WORK ITEM —
Your task is to copy each line of the material below that includes "Routing".

GIVEN DATA —
################

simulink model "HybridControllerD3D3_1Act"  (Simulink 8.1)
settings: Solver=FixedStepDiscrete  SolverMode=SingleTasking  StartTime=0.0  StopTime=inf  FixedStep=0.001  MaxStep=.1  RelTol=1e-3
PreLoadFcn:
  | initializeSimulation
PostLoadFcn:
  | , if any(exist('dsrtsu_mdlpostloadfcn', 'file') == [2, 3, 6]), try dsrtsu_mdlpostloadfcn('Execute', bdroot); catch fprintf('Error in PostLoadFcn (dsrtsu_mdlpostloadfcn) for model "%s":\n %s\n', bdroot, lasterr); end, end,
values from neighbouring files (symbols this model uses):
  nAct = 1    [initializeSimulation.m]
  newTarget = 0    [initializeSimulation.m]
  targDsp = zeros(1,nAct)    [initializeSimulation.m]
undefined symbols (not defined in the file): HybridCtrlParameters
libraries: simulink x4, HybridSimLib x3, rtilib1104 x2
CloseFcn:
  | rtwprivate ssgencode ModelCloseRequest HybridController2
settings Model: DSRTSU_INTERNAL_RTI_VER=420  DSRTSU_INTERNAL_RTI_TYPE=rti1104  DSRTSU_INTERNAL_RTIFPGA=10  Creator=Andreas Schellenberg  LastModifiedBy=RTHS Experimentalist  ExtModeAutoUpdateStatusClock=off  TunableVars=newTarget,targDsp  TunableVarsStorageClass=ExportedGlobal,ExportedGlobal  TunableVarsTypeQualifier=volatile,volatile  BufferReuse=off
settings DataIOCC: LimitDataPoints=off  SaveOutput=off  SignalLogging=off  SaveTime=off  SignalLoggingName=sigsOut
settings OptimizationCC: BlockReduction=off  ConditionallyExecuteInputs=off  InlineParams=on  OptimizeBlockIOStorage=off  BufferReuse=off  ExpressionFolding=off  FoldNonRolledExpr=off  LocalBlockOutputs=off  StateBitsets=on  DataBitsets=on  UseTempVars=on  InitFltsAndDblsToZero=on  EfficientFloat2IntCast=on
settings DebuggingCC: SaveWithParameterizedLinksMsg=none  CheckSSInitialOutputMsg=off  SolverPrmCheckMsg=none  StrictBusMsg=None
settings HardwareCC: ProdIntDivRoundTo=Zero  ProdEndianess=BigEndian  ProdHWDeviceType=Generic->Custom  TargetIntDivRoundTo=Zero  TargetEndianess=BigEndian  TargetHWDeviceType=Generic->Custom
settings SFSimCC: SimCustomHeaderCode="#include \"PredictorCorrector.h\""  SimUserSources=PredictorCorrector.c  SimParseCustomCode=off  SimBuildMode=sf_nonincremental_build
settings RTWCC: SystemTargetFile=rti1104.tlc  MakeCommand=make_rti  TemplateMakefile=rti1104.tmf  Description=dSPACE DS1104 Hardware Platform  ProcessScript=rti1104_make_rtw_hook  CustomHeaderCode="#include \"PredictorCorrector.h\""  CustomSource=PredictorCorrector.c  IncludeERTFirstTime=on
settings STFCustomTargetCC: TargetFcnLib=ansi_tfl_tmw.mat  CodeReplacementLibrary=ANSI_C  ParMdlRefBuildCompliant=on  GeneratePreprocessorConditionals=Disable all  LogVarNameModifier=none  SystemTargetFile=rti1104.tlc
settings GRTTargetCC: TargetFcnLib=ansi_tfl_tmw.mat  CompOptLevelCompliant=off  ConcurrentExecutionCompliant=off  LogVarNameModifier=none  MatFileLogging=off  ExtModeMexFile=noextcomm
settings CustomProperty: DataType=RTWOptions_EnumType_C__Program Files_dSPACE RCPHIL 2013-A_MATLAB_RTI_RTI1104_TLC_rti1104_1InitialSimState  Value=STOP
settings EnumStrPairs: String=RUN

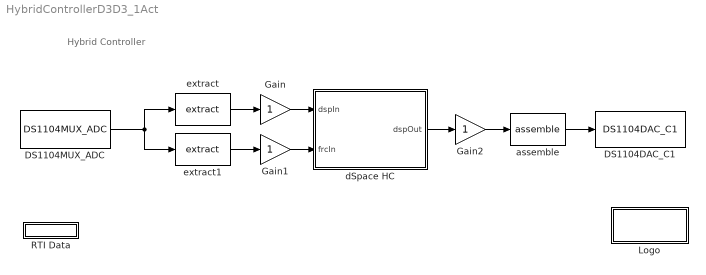
== system HybridControllerD3D3_1Act ==
  note: Hybrid Controller
  DS1104DAC_C1 : rtilib1104/DS1104 MASTER PPC/DS1104DAC_C1  ChannelNo=1  InitValue=0  TermMode=0  TermValue=0  Reserved1=[]  Reserved2=[]  Reserved3=[]  Reserved4=[]  DialogFcn=gui1104dac  UnitName={ 'DS1104DAC_C'}  UnitValues={ 1 }  DSProperties=struct('RTI',struct('Version',uint32(1),'BlockType',struct('isSLSource',uint8(0),'isSLSink',uint8(1),'isHWSource',uint8(0),'isHWSink',uint8(1),'isSetup',uint8(0),'isInline',uint8(1),'isNonInline',uint8(0),'isInterrupt',uint8(0),'isChannelwise',uint8(1)),'IOBoardType','DS1104MASTER','UnitType','DAC','Identifier','DAC','DialogType','ML','BlockSet','NONE','SlaveProcessor','NONE'))
  DS1104MUX_ADC : rtilib1104/DS1104 MASTER PPC/DS1104MUX_ADC  ChannelNos=[1 3]  TriggerMode=0  Reserved1=[]  Reserved2=[]  Reserved3=[]  Reserved4=[]  DialogFcn=gui1104mux_adc  UnitName={ 'DS1104MUX_ADC' }  UnitValues={ [] }  DSProperties=struct('RTI',struct('Version',uint32(1),'BlockType',struct('isSLSource',uint8(1),'isSLSink',uint8(0),'isHWSource',uint8(1),'isHWSink',uint8(0),'isSetup',uint8(0),'isInline',uint8(1),'isNonInline',uint8(0),'isInterrupt',uint8(0),'isChannelwise',uint8(0)),'IOBoardType','DS1104MASTER','UnitType','ADC','Identifier','ADCMUX','DialogType','ML','BlockSet','NONE','SlaveProcessor','NONE'))
  Gain : Gain  SaturateOnIntegerOverflow=on  OutDataTypeStr=Inherit: Same as input  ParamDataTypeStr=Inherit: Same as input
  Gain1 : Gain  SaturateOnIntegerOverflow=on  OutDataTypeStr=Inherit: Same as input  ParamDataTypeStr=Inherit: Same as input
  Gain2 : Gain  SaturateOnIntegerOverflow=on  OutDataTypeStr=Inherit: Same as input  ParamDataTypeStr=Inherit: Same as input
  Logo : Subsystem  mask(dSPACE){EmptyParameter=[]}
      mask prompts: EmptyParameter "Mask Parameter 1:"
      settings: OpenFcn=;
      mask Display: image(imread('rti_mdl_dslogo.tif'));
  RTI Data : Subsystem  Tag=struct('RTIDataServer',struct('RTIDataServerVs','2','RTIModelDescription','struct(''main'',''HybridControllerD3D3_1Act'',''sub'','''',''isMp'',0)'))  LoadFcn="if exist('rtidc'), try,  rtidc('DataHostBlockClbLoad', gcbh); catch, disp(['Warning: ''LoadFcn'' for RTI Data block failed: ' lasterr]); end, end,"  mask(RTI_DATA_HOST){}
      mask help:
      | RTI Data Block.
      | This block is used by RTI to store internal model-dependent data.
      | Please keep this block on the root level of the model. Deleting this block will result in data loss.
      |
      | NEVER DELETE OR COPY THIS BLOCK!
      settings: CopyFcn="if exist('rtidc'), try,  rtidc('DataHostBlockClbCopy', gcbh); catch, disp(['Warning: ''CopyFcn'' for RTI Data block failed: ' lasterr]); end, end,"  DeleteFcn="if exist('rtidc'), try,  rtidc('DataHostBlockClbDelete', gcbh); catch, disp(['Warning: ''DeleteFcn'' for RTI Data block failed: ' lasterr]); end, end,"  ModelCloseFcn="if exist('rtidc'), try,  rtidc('DataHostBlockClbModelClose', gcbh); catch, disp(['Warning: ''ModelCloseFcn'' for RTI Data block failed: ' lasterr]); end, end,"  PreSaveFcn="if exist('rtidc'), try,  rtidc('DataHostBlockClbPreSave', gcbh); catch, disp(['Warning: ''PreSaveFcn'' for RTI Data block failed: ' lasterr]); end, end,"  PostSaveFcn="if exist('rtidc'), try,  rtidc('DataHostBlockClbPostSave', gcbh); catch, disp(['Warning: ''PostSaveFcn'' for RTI Data block failed: ' lasterr]); end, end,"  NameChangeFcn="if exist('rtidc'), try,  rtidc('DataHostBlockClbNameChange', gcbh); catch, disp(['Warning: ''NameChangeFcn'' for RTI Data block failed: ' lasterr]); end, end,"
      mask Help:
      | RTI Data Block.
      | This block is used by RTI to store internal model-dependent data.
      | Please keep this block on the root level of the model. Deleting this block will result in data loss.
      | 
      | NEVER DELETE OR COPY THIS BLOCK!
      mask Display:
      | text(0.5, 0.5, 'RTI Data', 'HorizontalAlignment', 'center');
      | plot([1 0]);
  assemble : HybridSimLib/Signal Routing/assemble  id=1  size=nAct
  dSpace HC : Subsystem  mask(Hybrid Controller: D3/D3){nAct=1, dtInt=HybridCtrlParameters.dtInt, dtSim=HybridCtrlParameters.dtSim, dtCon=HybridCtrlParameters.dtCon, N=HybridCtrlParameters.N, iDelay=HybridCtrlParameters.iDelay, dspLim=HybridCtrlParameters.dspLim, velLim=HybridCtrlParameters.velLim}
      mask prompts: nAct "Number of Actuators: nAct"; dtInt "Integration time step: dtInt"; dtSim "Simulation time step: dtSim"; dtCon "Controller time step: dtCon"; N "Maximum number of substeps: N"; iDelay "Number of delay steps: iDelay"; dspLim "Displacement limit: dspLim"; velLim "Velocity limit: velLim"
      mask help: Hybrid Controller using C0-continuous cubic Lagrange interpolation for prediction and correction
      mask Display: disp('dSpace\nHybrid Controller\n(D3/D3)')
  extract : HybridSimLib/Signal Routing/extract  id=1  size=2*nAct
  extract1 : HybridSimLib/Signal Routing/extract  id=2  size=2*nAct
  wires:
  dSpace HC/1(dspOut) -> Gain2/1
  Gain/1 -> dSpace HC/1(dspIn)
  Gain1/1 -> dSpace HC/2(frcIn)
  DS1104MUX_ADC/1 -> extract/1, extract1/1
  Gain2/1 -> assemble/1
  extract/1 -> Gain/1
  extract1/1 -> Gain1/1
  assemble/1 -> DS1104DAC_C1/1

== system HybridControllerD3D3_1Act/Logo ==
  note: $Workfile: demo1104_analog.mdl $
  note: $Date: 2011-05-22 14:17:07 -0700 (Sun, 22 May 2011) $
  note: $Revision: 314 $

== system HybridControllerD3D3_1Act/RTI Data ==
  RTI Data Store : Subsystem  Tag="struct('private',struct('version',struct('dsVer',uint32(2),'dsVerCreation',uint32(2),'RTI',struct('ver','4.1a3','type','RTI1104')),'access',struct('type','Model','isPerm',1,'created',['13-Feb-2001 14:58:17'],'modified',['01-Oct-2013 23:15:47'],'location','')),'public',struct('main',struct('data',[]),'sub',struct('name',{{'HybridControllerD3D3_1Act'}},'data',{{struct('TH',struct('thTaskInfo',struct('taskType',{'TIMER','HWINT','TMRINT','SWINT','GLINT'},'tasksNumOf',{1,0,0,0,0},'srcIds',{{'TIMERA'},{},{},{},{}},'taskNames',{{['Timer Task 1']},{},{},{},{}})),'th_tc',struct('dataType','TASK','taskGroupId','','taskGroupList',{{}},'taskSchedulingPolicy','FCFS','taskType','TIMER','blkh',-1,'srcId','TIMERA','srcSgnName',['Timer A interrupt'],'srcCpuName','','taskName',['Timer Task 1  [0.001] s'],'taskNameDisplayExt','','smplTime',0.001,'smplTimeOffs',0,'hasFixedPriority',0,'priority',1,'hasFixedOvc',0,'ovcType',1,'ovcMax',0),'tc_th',struct('dataType','TASK','taskGroupId','','taskGroupList',{{}},'taskSchedulingPolicy','FCFS','taskType','TIMER','blkh',-1,'srcId','TIMERA','srcSgnName',['Timer A interrupt'],'srcCpuName','','taskName',['Timer Task 1  [0.001] s'],'taskNameDisplayExt','','smplTime',0.001,'smplTimeOffs',0,'hasFixedPriority',0,'priority',1,'hasFixedOvc',0,'ovcType',1,'ovcMax',0))}})))"  mask(RTI_DATA_STORE){}
      mask help:
      | RTI Data Store Block. This block is used by RTI to store internal model dependent data. Deleting this block will result in data loss.
      |
      | NEVER DELETE, COPY, OR MODIFY THIS BLOCK!
      mask Help:
      | RTI Data Store Block. This block is used by RTI to store internal model dependent data. Deleting this block will result in data loss.
      | 
      | NEVER DELETE, COPY, OR MODIFY THIS BLOCK!
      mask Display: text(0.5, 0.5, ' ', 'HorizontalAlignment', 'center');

################

TASK ANSWER —
  assemble : HybridSimLib/Signal Routing/assemble  id=1  size=nAct
  extract : HybridSimLib/Signal Routing/extract  id=1  size=2*nAct
  extract1 : HybridSimLib/Signal Routing/extract  id=2  size=2*nAct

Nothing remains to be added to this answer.